When the first American flew into space in 1961, Burt Rutan was a 17-year-old college freshman. Listening to news of Alan Shepard's groundbreaking suborbital flight on the radio, Rutan was euphoric. He too hoped to go into space one day--and was disappointed that a cautious NASA had allowed the Soviets to beat the U.S. to the prize. "We could have had the first man in space," Rutan recalls, "and we sent a monkey instead."

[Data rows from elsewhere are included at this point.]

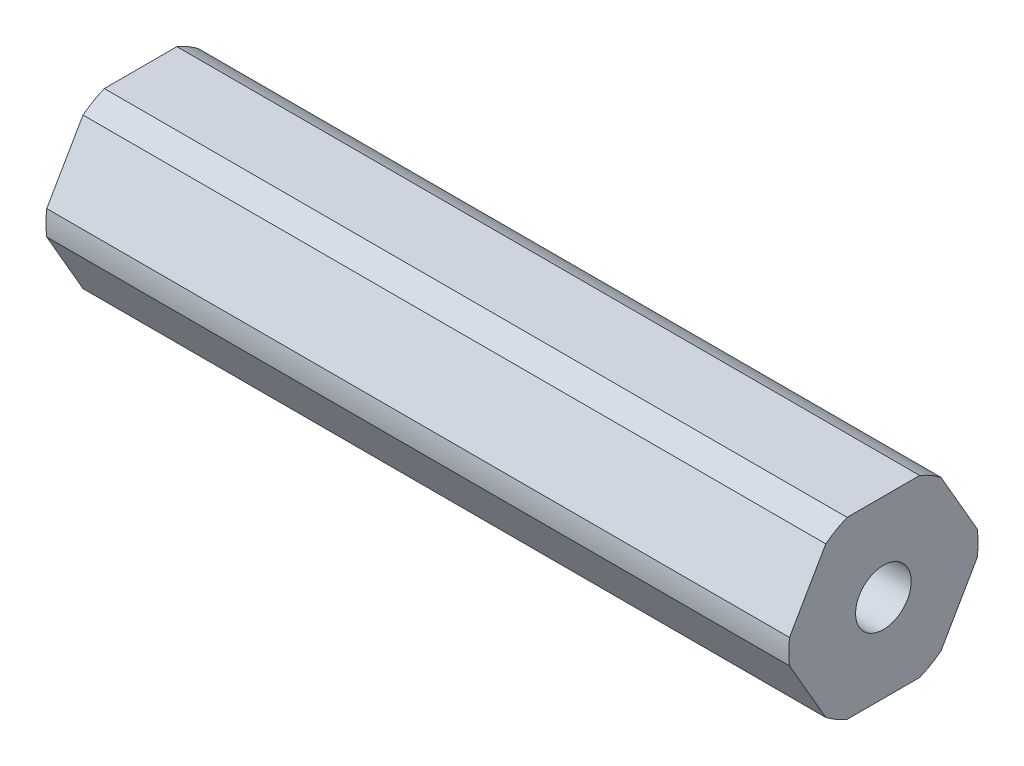
ISO-10303-21;
HEADER;
FILE_DESCRIPTION(('STEP AP214'),'2;1');
FILE_NAME('part.step','',(''),(''),'','','');
FILE_SCHEMA(('AUTOMOTIVE_DESIGN { 1 0 10303 214 1 1 1 1 }'));
ENDSEC;
DATA;
#1=APPLICATION_CONTEXT('core data for automotive mechanical design processes');
#2=APPLICATION_PROTOCOL_DEFINITION('international standard','automotive_design',2000,#1);
#3=PRODUCT_CONTEXT('',#1,'mechanical');
#4=PRODUCT('Part','Part','',(#3));
#5=PRODUCT_RELATED_PRODUCT_CATEGORY('part','',(#4));
#6=PRODUCT_DEFINITION_FORMATION('','',#4);
#7=PRODUCT_DEFINITION_CONTEXT('part definition',#1,'design');
#8=PRODUCT_DEFINITION('design','',#6,#7);
#9=PRODUCT_DEFINITION_SHAPE('','',#8);
#10=(LENGTH_UNIT() NAMED_UNIT(*) SI_UNIT(.MILLI.,.METRE.));
#11=(NAMED_UNIT(*) PLANE_ANGLE_UNIT() SI_UNIT($,.RADIAN.));
#12=(NAMED_UNIT(*) SI_UNIT($,.STERADIAN.) SOLID_ANGLE_UNIT());
#13=UNCERTAINTY_MEASURE_WITH_UNIT(LENGTH_MEASURE(1.E-05),#10,'distance_accuracy_value','');
#14=(GEOMETRIC_REPRESENTATION_CONTEXT(3) GLOBAL_UNCERTAINTY_ASSIGNED_CONTEXT((#13)) GLOBAL_UNIT_ASSIGNED_CONTEXT((#10,
#11,#12)) REPRESENTATION_CONTEXT('',''));
#15=CARTESIAN_POINT('',(0.,0.,0.));
#16=DIRECTION('',(0.,0.,1.));
#17=DIRECTION('',(1.,0.,0.));
#18=AXIS2_PLACEMENT_3D('',#15,#16,#17);
#19=CARTESIAN_POINT('',(26.9621,3.17499999999999,-5.49926131403116));
#20=DIRECTION('',(0.,-0.500000000000001,0.866025403784438));
#21=DIRECTION('',(0.,-0.866025403784438,-0.500000000000001));
#22=AXIS2_PLACEMENT_3D('',#19,#20,#21);
#23=PLANE('',#22);
#24=DIRECTION('',(0.,0.866025403784438,0.500000000000001));
#25=VECTOR('',#24,1.);
#26=CARTESIAN_POINT('',(-26.9621,3.17499999999999,-5.49926131403116));
#27=LINE('',#26,#25);
#28=CARTESIAN_POINT('',(-26.9621,0.89303957103212,-6.81675178197584));
#29=VERTEX_POINT('',#28);
#30=CARTESIAN_POINT('',(-26.9621,5.45696042896787,-4.18177084608648));
#31=VERTEX_POINT('',#30);
#32=EDGE_CURVE('E164',#29,#31,#27,.T.);
#33=ORIENTED_EDGE('',*,*,#32,.T.);
#34=DIRECTION('',(-1.,0.,0.));
#35=VECTOR('',#34,1.);
#36=CARTESIAN_POINT('',(26.9621,5.45696042896787,-4.18177084608648));
#37=LINE('',#36,#35);
#38=CARTESIAN_POINT('',(26.9621,5.45696042896787,-4.18177084608648));
#39=VERTEX_POINT('',#38);
#40=EDGE_CURVE('E11',#39,#31,#37,.T.);
#41=ORIENTED_EDGE('',*,*,#40,.F.);
#42=DIRECTION('',(0.,0.866025403784438,0.500000000000001));
#43=VECTOR('',#42,1.);
#44=CARTESIAN_POINT('',(26.9621,3.17499999999999,-5.49926131403116));
#45=LINE('',#44,#43);
#46=CARTESIAN_POINT('',(26.9621,0.89303957103212,-6.81675178197584));
#47=VERTEX_POINT('',#46);
#48=EDGE_CURVE('E223',#47,#39,#45,.T.);
#49=ORIENTED_EDGE('',*,*,#48,.F.);
#50=DIRECTION('',(-1.,0.,0.));
#51=VECTOR('',#50,1.);
#52=CARTESIAN_POINT('',(26.9621,0.89303957103212,-6.81675178197584));
#53=LINE('',#52,#51);
#54=EDGE_CURVE('E157',#47,#29,#53,.T.);
#55=ORIENTED_EDGE('',*,*,#54,.T.);
#56=EDGE_LOOP('',(#33,#41,#49,#55));
#57=FACE_BOUND('',#56,.T.);
#58=ADVANCED_FACE('F39',(#57),#23,.F.);
#59=CARTESIAN_POINT('',(26.9621,0.,0.));
#60=DIRECTION('',(-1.,0.,0.));
#61=DIRECTION('',(0.,0.,1.));
#62=AXIS2_PLACEMENT_3D('',#59,#60,#61);
#63=CYLINDRICAL_SURFACE('',#62,6.874999966);
#64=CARTESIAN_POINT('',(-26.9621,0.,0.));
#65=DIRECTION('',(1.,0.,0.));
#66=DIRECTION('',(0.,0.,-1.));
#67=AXIS2_PLACEMENT_3D('',#64,#65,#66);
#68=CIRCLE('',#67,6.874999966);
#69=CARTESIAN_POINT('',(-26.9621,6.34999999999998,-2.63498093588933));
#70=VERTEX_POINT('',#69);
#71=EDGE_CURVE('E167',#31,#70,#68,.T.);
#72=ORIENTED_EDGE('',*,*,#71,.T.);
#73=DIRECTION('',(-1.,0.,0.));
#74=VECTOR('',#73,1.);
#75=CARTESIAN_POINT('',(26.9621,6.34999999999998,-2.63498093588933));
#76=LINE('',#75,#74);
#77=CARTESIAN_POINT('',(26.9621,6.34999999999998,-2.63498093588933));
#78=VERTEX_POINT('',#77);
#79=EDGE_CURVE('E48',#78,#70,#76,.T.);
#80=ORIENTED_EDGE('',*,*,#79,.F.);
#81=CARTESIAN_POINT('',(26.9621,0.,0.));
#82=DIRECTION('',(1.,0.,0.));
#83=DIRECTION('',(0.,0.,-1.));
#84=AXIS2_PLACEMENT_3D('',#81,#82,#83);
#85=CIRCLE('',#84,6.874999966);
#86=EDGE_CURVE('E111',#39,#78,#85,.T.);
#87=ORIENTED_EDGE('',*,*,#86,.F.);
#88=ORIENTED_EDGE('',*,*,#40,.T.);
#89=EDGE_LOOP('',(#72,#80,#87,#88));
#90=FACE_BOUND('',#89,.T.);
#91=ADVANCED_FACE('F258',(#90),#63,.T.);
#92=CARTESIAN_POINT('',(26.9621,6.34999999999997,0.));
#93=DIRECTION('',(0.,-1.,0.));
#94=DIRECTION('',(0.,0.,-1.));
#95=AXIS2_PLACEMENT_3D('',#92,#93,#94);
#96=PLANE('',#95);
#97=DIRECTION('',(0.,0.,1.));
#98=VECTOR('',#97,1.);
#99=CARTESIAN_POINT('',(-26.9621,6.34999999999997,0.));
#100=LINE('',#99,#98);
#101=CARTESIAN_POINT('',(-26.9621,6.34999999999997,2.63498093588938));
#102=VERTEX_POINT('',#101);
#103=EDGE_CURVE('E169',#70,#102,#100,.T.);
#104=ORIENTED_EDGE('',*,*,#103,.T.);
#105=DIRECTION('',(-1.,0.,0.));
#106=VECTOR('',#105,1.);
#107=CARTESIAN_POINT('',(26.9621,6.34999999999997,2.63498093588938));
#108=LINE('',#107,#106);
#109=CARTESIAN_POINT('',(26.9621,6.34999999999997,2.63498093588938));
#110=VERTEX_POINT('',#109);
#111=EDGE_CURVE('E199',#110,#102,#108,.T.);
#112=ORIENTED_EDGE('',*,*,#111,.F.);
#113=DIRECTION('',(0.,0.,1.));
#114=VECTOR('',#113,1.);
#115=CARTESIAN_POINT('',(26.9621,6.34999999999997,0.));
#116=LINE('',#115,#114);
#117=EDGE_CURVE('E207',#78,#110,#116,.T.);
#118=ORIENTED_EDGE('',*,*,#117,.F.);
#119=ORIENTED_EDGE('',*,*,#79,.T.);
#120=EDGE_LOOP('',(#104,#112,#118,#119));
#121=FACE_BOUND('',#120,.T.);
#122=ADVANCED_FACE('F205',(#121),#96,.F.);
#123=CARTESIAN_POINT('',(-26.9621,5.45696042896784,4.18177084608651));
#124=VERTEX_POINT('',#123);
#125=EDGE_CURVE('E170',#102,#124,#68,.T.);
#126=ORIENTED_EDGE('',*,*,#125,.T.);
#127=DIRECTION('',(-1.,0.,0.));
#128=VECTOR('',#127,1.);
#129=CARTESIAN_POINT('',(26.9621,5.45696042896784,4.18177084608651));
#130=LINE('',#129,#128);
#131=CARTESIAN_POINT('',(26.9621,5.45696042896784,4.18177084608651));
#132=VERTEX_POINT('',#131);
#133=EDGE_CURVE('E196',#132,#124,#130,.T.);
#134=ORIENTED_EDGE('',*,*,#133,.F.);
#135=EDGE_CURVE('E229',#110,#132,#85,.T.);
#136=ORIENTED_EDGE('',*,*,#135,.F.);
#137=ORIENTED_EDGE('',*,*,#111,.T.);
#138=EDGE_LOOP('',(#126,#134,#136,#137));
#139=FACE_BOUND('',#138,.T.);
#140=ADVANCED_FACE('F240',(#139),#63,.T.);
#141=CARTESIAN_POINT('',(26.9621,3.17499999999995,5.49926131403118));
#142=DIRECTION('',(0.,-0.499999999999995,-0.866025403784442));
#143=DIRECTION('',(0.,0.866025403784442,-0.499999999999995));
#144=AXIS2_PLACEMENT_3D('',#141,#142,#143);
#145=PLANE('',#144);
#146=DIRECTION('',(0.,-0.866025403784442,0.499999999999995));
#147=VECTOR('',#146,1.);
#148=CARTESIAN_POINT('',(-26.9621,3.17499999999995,5.49926131403118));
#149=LINE('',#148,#147);
#150=CARTESIAN_POINT('',(-26.9621,0.893039571032066,6.81675178197585));
#151=VERTEX_POINT('',#150);
#152=EDGE_CURVE('E172',#124,#151,#149,.T.);
#153=ORIENTED_EDGE('',*,*,#152,.T.);
#154=DIRECTION('',(-1.,0.,0.));
#155=VECTOR('',#154,1.);
#156=CARTESIAN_POINT('',(26.9621,0.893039571032066,6.81675178197585));
#157=LINE('',#156,#155);
#158=CARTESIAN_POINT('',(26.9621,0.893039571032066,6.81675178197585));
#159=VERTEX_POINT('',#158);
#160=EDGE_CURVE('E193',#159,#151,#157,.T.);
#161=ORIENTED_EDGE('',*,*,#160,.F.);
#162=DIRECTION('',(0.,-0.866025403784442,0.499999999999995));
#163=VECTOR('',#162,1.);
#164=CARTESIAN_POINT('',(26.9621,3.17499999999995,5.49926131403118));
#165=LINE('',#164,#163);
#166=EDGE_CURVE('E231',#132,#159,#165,.T.);
#167=ORIENTED_EDGE('',*,*,#166,.F.);
#168=ORIENTED_EDGE('',*,*,#133,.T.);
#169=EDGE_LOOP('',(#153,#161,#167,#168));
#170=FACE_BOUND('',#169,.T.);
#171=ADVANCED_FACE('F242',(#170),#145,.F.);
#172=CARTESIAN_POINT('',(-26.9621,-0.893039571032163,6.81675178197583));
#173=VERTEX_POINT('',#172);
#174=EDGE_CURVE('E174',#151,#173,#68,.T.);
#175=ORIENTED_EDGE('',*,*,#174,.T.);
#176=DIRECTION('',(-1.,0.,0.));
#177=VECTOR('',#176,1.);
#178=CARTESIAN_POINT('',(26.9621,-0.893039571032163,6.81675178197583));
#179=LINE('',#178,#177);
#180=CARTESIAN_POINT('',(26.9621,-0.893039571032163,6.81675178197583));
#181=VERTEX_POINT('',#180);
#182=EDGE_CURVE('E190',#181,#173,#179,.T.);
#183=ORIENTED_EDGE('',*,*,#182,.F.);
#184=EDGE_CURVE('E232',#159,#181,#85,.T.);
#185=ORIENTED_EDGE('',*,*,#184,.F.);
#186=ORIENTED_EDGE('',*,*,#160,.T.);
#187=EDGE_LOOP('',(#175,#183,#185,#186));
#188=FACE_BOUND('',#187,.T.);
#189=ADVANCED_FACE('F243',(#188),#63,.T.);
#190=CARTESIAN_POINT('',(26.9621,-3.17500000000003,5.49926131403114));
#191=DIRECTION('',(0.,0.500000000000007,-0.866025403784435));
#192=DIRECTION('',(0.,0.866025403784435,0.500000000000007));
#193=AXIS2_PLACEMENT_3D('',#190,#191,#192);
#194=PLANE('',#193);
#195=DIRECTION('',(0.,-0.866025403784435,-0.500000000000007));
#196=VECTOR('',#195,1.);
#197=CARTESIAN_POINT('',(-26.9621,-3.17500000000003,5.49926131403114));
#198=LINE('',#197,#196);
#199=CARTESIAN_POINT('',(-26.9621,-5.4569604289679,4.18177084608644));
#200=VERTEX_POINT('',#199);
#201=EDGE_CURVE('E175',#173,#200,#198,.T.);
#202=ORIENTED_EDGE('',*,*,#201,.T.);
#203=DIRECTION('',(-1.,0.,0.));
#204=VECTOR('',#203,1.);
#205=CARTESIAN_POINT('',(26.9621,-5.4569604289679,4.18177084608644));
#206=LINE('',#205,#204);
#207=CARTESIAN_POINT('',(26.9621,-5.4569604289679,4.18177084608644));
#208=VERTEX_POINT('',#207);
#209=EDGE_CURVE('E187',#208,#200,#206,.T.);
#210=ORIENTED_EDGE('',*,*,#209,.F.);
#211=DIRECTION('',(0.,-0.866025403784435,-0.500000000000007));
#212=VECTOR('',#211,1.);
#213=CARTESIAN_POINT('',(26.9621,-3.17500000000003,5.49926131403114));
#214=LINE('',#213,#212);
#215=EDGE_CURVE('E233',#181,#208,#214,.T.);
#216=ORIENTED_EDGE('',*,*,#215,.F.);
#217=ORIENTED_EDGE('',*,*,#182,.T.);
#218=EDGE_LOOP('',(#202,#210,#216,#217));
#219=FACE_BOUND('',#218,.T.);
#220=ADVANCED_FACE('F246',(#219),#194,.F.);
#221=CARTESIAN_POINT('',(-26.9621,-6.35,2.63498093588929));
#222=VERTEX_POINT('',#221);
#223=EDGE_CURVE('E177',#200,#222,#68,.T.);
#224=ORIENTED_EDGE('',*,*,#223,.T.);
#225=DIRECTION('',(-1.,0.,0.));
#226=VECTOR('',#225,1.);
#227=CARTESIAN_POINT('',(26.9621,-6.35,2.63498093588929));
#228=LINE('',#227,#226);
#229=CARTESIAN_POINT('',(26.9621,-6.35,2.63498093588929));
#230=VERTEX_POINT('',#229);
#231=EDGE_CURVE('E184',#230,#222,#228,.T.);
#232=ORIENTED_EDGE('',*,*,#231,.F.);
#233=EDGE_CURVE('E147',#208,#230,#85,.T.);
#234=ORIENTED_EDGE('',*,*,#233,.F.);
#235=ORIENTED_EDGE('',*,*,#209,.T.);
#236=EDGE_LOOP('',(#224,#232,#234,#235));
#237=FACE_BOUND('',#236,.T.);
#238=ADVANCED_FACE('F248',(#237),#63,.T.);
#239=CARTESIAN_POINT('',(26.9621,-6.34999999999997,0.));
#240=DIRECTION('',(0.,1.,0.));
#241=DIRECTION('',(0.,0.,1.));
#242=AXIS2_PLACEMENT_3D('',#239,#240,#241);
#243=PLANE('',#242);
#244=DIRECTION('',(0.,0.,-1.));
#245=VECTOR('',#244,1.);
#246=CARTESIAN_POINT('',(-26.9621,-6.34999999999997,0.));
#247=LINE('',#246,#245);
#248=CARTESIAN_POINT('',(-26.9621,-6.34999999999994,-2.63498093588942));
#249=VERTEX_POINT('',#248);
#250=EDGE_CURVE('E178',#222,#249,#247,.T.);
#251=ORIENTED_EDGE('',*,*,#250,.T.);
#252=DIRECTION('',(-1.,0.,0.));
#253=VECTOR('',#252,1.);
#254=CARTESIAN_POINT('',(26.9621,-6.34999999999994,-2.63498093588942));
#255=LINE('',#254,#253);
#256=CARTESIAN_POINT('',(26.9621,-6.34999999999994,-2.63498093588942));
#257=VERTEX_POINT('',#256);
#258=EDGE_CURVE('E152',#257,#249,#255,.T.);
#259=ORIENTED_EDGE('',*,*,#258,.F.);
#260=DIRECTION('',(0.,0.,-1.));
#261=VECTOR('',#260,1.);
#262=CARTESIAN_POINT('',(26.9621,-6.34999999999997,0.));
#263=LINE('',#262,#261);
#264=EDGE_CURVE('E142',#230,#257,#263,.T.);
#265=ORIENTED_EDGE('',*,*,#264,.F.);
#266=ORIENTED_EDGE('',*,*,#231,.T.);
#267=EDGE_LOOP('',(#251,#259,#265,#266));
#268=FACE_BOUND('',#267,.T.);
#269=ADVANCED_FACE('F251',(#268),#243,.F.);
#270=CARTESIAN_POINT('',(-26.9621,-5.4569604289678,-4.18177084608657));
#271=VERTEX_POINT('',#270);
#272=EDGE_CURVE('E151',#249,#271,#68,.T.);
#273=ORIENTED_EDGE('',*,*,#272,.T.);
#274=DIRECTION('',(-1.,0.,0.));
#275=VECTOR('',#274,1.);
#276=CARTESIAN_POINT('',(26.9621,-5.4569604289678,-4.18177084608657));
#277=LINE('',#276,#275);
#278=CARTESIAN_POINT('',(26.9621,-5.4569604289678,-4.18177084608657));
#279=VERTEX_POINT('',#278);
#280=EDGE_CURVE('E148',#279,#271,#277,.T.);
#281=ORIENTED_EDGE('',*,*,#280,.F.);
#282=EDGE_CURVE('E136',#257,#279,#85,.T.);
#283=ORIENTED_EDGE('',*,*,#282,.F.);
#284=ORIENTED_EDGE('',*,*,#258,.T.);
#285=EDGE_LOOP('',(#273,#281,#283,#284));
#286=FACE_BOUND('',#285,.T.);
#287=ADVANCED_FACE('F149',(#286),#63,.T.);
#288=CARTESIAN_POINT('',(26.9621,-3.17499999999997,-5.4992613140312));
#289=DIRECTION('',(0.,0.499999999999995,0.866025403784441));
#290=DIRECTION('',(0.,-0.866025403784441,0.499999999999995));
#291=AXIS2_PLACEMENT_3D('',#288,#289,#290);
#292=PLANE('',#291);
#293=DIRECTION('',(0.,0.866025403784441,-0.499999999999995));
#294=VECTOR('',#293,1.);
#295=CARTESIAN_POINT('',(-26.9621,-3.17499999999997,-5.4992613140312));
#296=LINE('',#295,#294);
#297=CARTESIAN_POINT('',(-26.9621,-0.893039571032135,-6.81675178197584));
#298=VERTEX_POINT('',#297);
#299=EDGE_CURVE('E97',#271,#298,#296,.T.);
#300=ORIENTED_EDGE('',*,*,#299,.T.);
#301=DIRECTION('',(-1.,0.,0.));
#302=VECTOR('',#301,1.);
#303=CARTESIAN_POINT('',(26.9621,-0.893039571032135,-6.81675178197584));
#304=LINE('',#303,#302);
#305=CARTESIAN_POINT('',(26.9621,-0.893039571032135,-6.81675178197584));
#306=VERTEX_POINT('',#305);
#307=EDGE_CURVE('E153',#306,#298,#304,.T.);
#308=ORIENTED_EDGE('',*,*,#307,.F.);
#309=DIRECTION('',(0.,0.866025403784441,-0.499999999999995));
#310=VECTOR('',#309,1.);
#311=CARTESIAN_POINT('',(26.9621,-3.17499999999997,-5.4992613140312));
#312=LINE('',#311,#310);
#313=EDGE_CURVE('E140',#279,#306,#312,.T.);
#314=ORIENTED_EDGE('',*,*,#313,.F.);
#315=ORIENTED_EDGE('',*,*,#280,.T.);
#316=EDGE_LOOP('',(#300,#308,#314,#315));
#317=FACE_BOUND('',#316,.T.);
#318=ADVANCED_FACE('F155',(#317),#292,.F.);
#319=CARTESIAN_POINT('',(26.9621,0.,0.));
#320=DIRECTION('',(-1.,0.,0.));
#321=DIRECTION('',(0.,0.,1.));
#322=AXIS2_PLACEMENT_3D('',#319,#320,#321);
#323=CYLINDRICAL_SURFACE('',#322,2.0193);
#324=CARTESIAN_POINT('',(26.9621,0.,0.));
#325=DIRECTION('',(1.,0.,0.));
#326=DIRECTION('',(0.,0.,-1.));
#327=AXIS2_PLACEMENT_3D('',#324,#325,#326);
#328=CIRCLE('',#327,2.0193);
#329=CARTESIAN_POINT('',(26.9621,0.,-2.0193));
#330=VERTEX_POINT('',#329);
#331=EDGE_CURVE('E221',#330,#330,#328,.T.);
#332=ORIENTED_EDGE('',*,*,#331,.T.);
#333=EDGE_LOOP('',(#332));
#334=FACE_BOUND('',#333,.T.);
#335=CARTESIAN_POINT('',(-26.9621,0.,0.));
#336=DIRECTION('',(1.,0.,0.));
#337=DIRECTION('',(0.,0.,-1.));
#338=AXIS2_PLACEMENT_3D('',#335,#336,#337);
#339=CIRCLE('',#338,2.0193);
#340=CARTESIAN_POINT('',(-26.9621,0.,-2.0193));
#341=VERTEX_POINT('',#340);
#342=EDGE_CURVE('E161',#341,#341,#339,.T.);
#343=ORIENTED_EDGE('',*,*,#342,.F.);
#344=EDGE_LOOP('',(#343));
#345=FACE_BOUND('',#344,.T.);
#346=ADVANCED_FACE('F41',(#334,#345),#323,.F.);
#347=EDGE_CURVE('E103',#298,#29,#68,.T.);
#348=ORIENTED_EDGE('',*,*,#347,.T.);
#349=ORIENTED_EDGE('',*,*,#54,.F.);
#350=EDGE_CURVE('E56',#306,#47,#85,.T.);
#351=ORIENTED_EDGE('',*,*,#350,.F.);
#352=ORIENTED_EDGE('',*,*,#307,.T.);
#353=EDGE_LOOP('',(#348,#349,#351,#352));
#354=FACE_BOUND('',#353,.T.);
#355=ADVANCED_FACE('F255',(#354),#63,.T.);
#356=CARTESIAN_POINT('',(26.9621,0.,0.));
#357=DIRECTION('',(1.,0.,0.));
#358=DIRECTION('',(0.,0.,-1.));
#359=AXIS2_PLACEMENT_3D('',#356,#357,#358);
#360=PLANE('',#359);
#361=ORIENTED_EDGE('',*,*,#331,.F.);
#362=EDGE_LOOP('',(#361));
#363=FACE_BOUND('',#362,.T.);
#364=ORIENTED_EDGE('',*,*,#48,.T.);
#365=ORIENTED_EDGE('',*,*,#86,.T.);
#366=ORIENTED_EDGE('',*,*,#117,.T.);
#367=ORIENTED_EDGE('',*,*,#135,.T.);
#368=ORIENTED_EDGE('',*,*,#166,.T.);
#369=ORIENTED_EDGE('',*,*,#184,.T.);
#370=ORIENTED_EDGE('',*,*,#215,.T.);
#371=ORIENTED_EDGE('',*,*,#233,.T.);
#372=ORIENTED_EDGE('',*,*,#264,.T.);
#373=ORIENTED_EDGE('',*,*,#282,.T.);
#374=ORIENTED_EDGE('',*,*,#313,.T.);
#375=ORIENTED_EDGE('',*,*,#350,.T.);
#376=EDGE_LOOP('',(#364,#365,#366,#367,#368,#369,#370,#371,#372,#373,#374,#375));
#377=FACE_BOUND('',#376,.T.);
#378=ADVANCED_FACE('F138',(#363,#377),#360,.T.);
#379=CARTESIAN_POINT('',(-26.9621,0.,0.));
#380=DIRECTION('',(1.,0.,0.));
#381=DIRECTION('',(0.,0.,-1.));
#382=AXIS2_PLACEMENT_3D('',#379,#380,#381);
#383=PLANE('',#382);
#384=ORIENTED_EDGE('',*,*,#342,.T.);
#385=EDGE_LOOP('',(#384));
#386=FACE_BOUND('',#385,.T.);
#387=ORIENTED_EDGE('',*,*,#32,.F.);
#388=ORIENTED_EDGE('',*,*,#347,.F.);
#389=ORIENTED_EDGE('',*,*,#299,.F.);
#390=ORIENTED_EDGE('',*,*,#272,.F.);
#391=ORIENTED_EDGE('',*,*,#250,.F.);
#392=ORIENTED_EDGE('',*,*,#223,.F.);
#393=ORIENTED_EDGE('',*,*,#201,.F.);
#394=ORIENTED_EDGE('',*,*,#174,.F.);
#395=ORIENTED_EDGE('',*,*,#152,.F.);
#396=ORIENTED_EDGE('',*,*,#125,.F.);
#397=ORIENTED_EDGE('',*,*,#103,.F.);
#398=ORIENTED_EDGE('',*,*,#71,.F.);
#399=EDGE_LOOP('',(#387,#388,#389,#390,#391,#392,#393,#394,#395,#396,#397,#398));
#400=FACE_BOUND('',#399,.T.);
#401=ADVANCED_FACE('F211',(#386,#400),#383,.F.);
#402=CLOSED_SHELL('',(#58,#91,#122,#140,#171,#189,#220,#238,#269,#287,#318,#346,#355,#378,#401));
#403=MANIFOLD_SOLID_BREP('B2',#402);
#404=ADVANCED_BREP_SHAPE_REPRESENTATION('',(#18,#403),#14);
#405=SHAPE_DEFINITION_REPRESENTATION(#9,#404);
ENDSEC;
END-ISO-10303-21;

The possibilities back then seemed limitless, and it was easy for Rutan's generation to imagine they would all get to taste zero-gravity one day. It didn't work out that way. After NASA reached the moon in 1969, its focus shifted to unmanned probes, orbital experiments and a costly low-orbit shuttle system. The imagined future of Everyman as astronaut evaporated. This year, more than four decades after Shepard's flight, only two Americans have made the jump into space from U.S. soil--both launched not by NASA but by Rutan's tiny company, known for build-your-own-airplane kits.
Rutan personally designed their craft, SpaceShipOne, a vehicle as improbable as it is revolutionary. The size of a small biplane, SpaceShipOne is a shell of woven graphite glued onto a rocket motor that runs on laughing gas and rubber. The nose is punctuated by portholes, like an ocean liner. Inside, the critical instrument is a Ping-Pong ball decorated with a smiley face and attached to the cabin with a piece of string, which goes slack when the pilot reaches the zero-gravity of suborbital space.
Despite its Flash Gordon looks and unorthodox design, SpaceShipOne was able to more than match Shepard's trailblazing journey. In June it became the first privately funded spacecraft. In October it clinched the $10 million Ansari X Prize as the first such craft to travel to space twice in two weeks. Thanks to the backing of two starry-eyed billionaires,
SpaceShipOne is set to become the first in a new line of space-tourism craft coming in 2007. "It's a spaceship that fits in your two-car garage, and you can take it to space every other day," says X Prize founder Peter Diamandis. "That's pretty cool."
We agree. For solving the problems of suborbital flight and re-entry with ingenious design, for boldly going where NASA now fears to tread and returning without a scratch, but most of all for reigniting the moon-shot-era dream of zero-gravity for everyone, SpaceShipOne is TIME's Coolest Invention of 2004.
Success for Rutan's maverick creation was by no means assured. There were 24 teams competing for the X Prize purse, which was set to expire at the end of this year. Modeled on the Orteig Prize--which motivated Charles Lindbergh's celebrated transatlantic flight in 1927--the X Prize was created to fuel a competition in space liners, just as its predecessor inspired the early airlines. Imaginations ran wild. The Canadian Da Vinci Project wanted to launch its rocket from 80,000 ft. after lifting it there with a reusable helium balloon. John Carmack, creator of the Doom video games, intended to blast his wife into suborbital space with a new kind of engine that runs on alcohol. (Carmack's prototype crashed; Da Vinci's effort was hampered by missing parts.)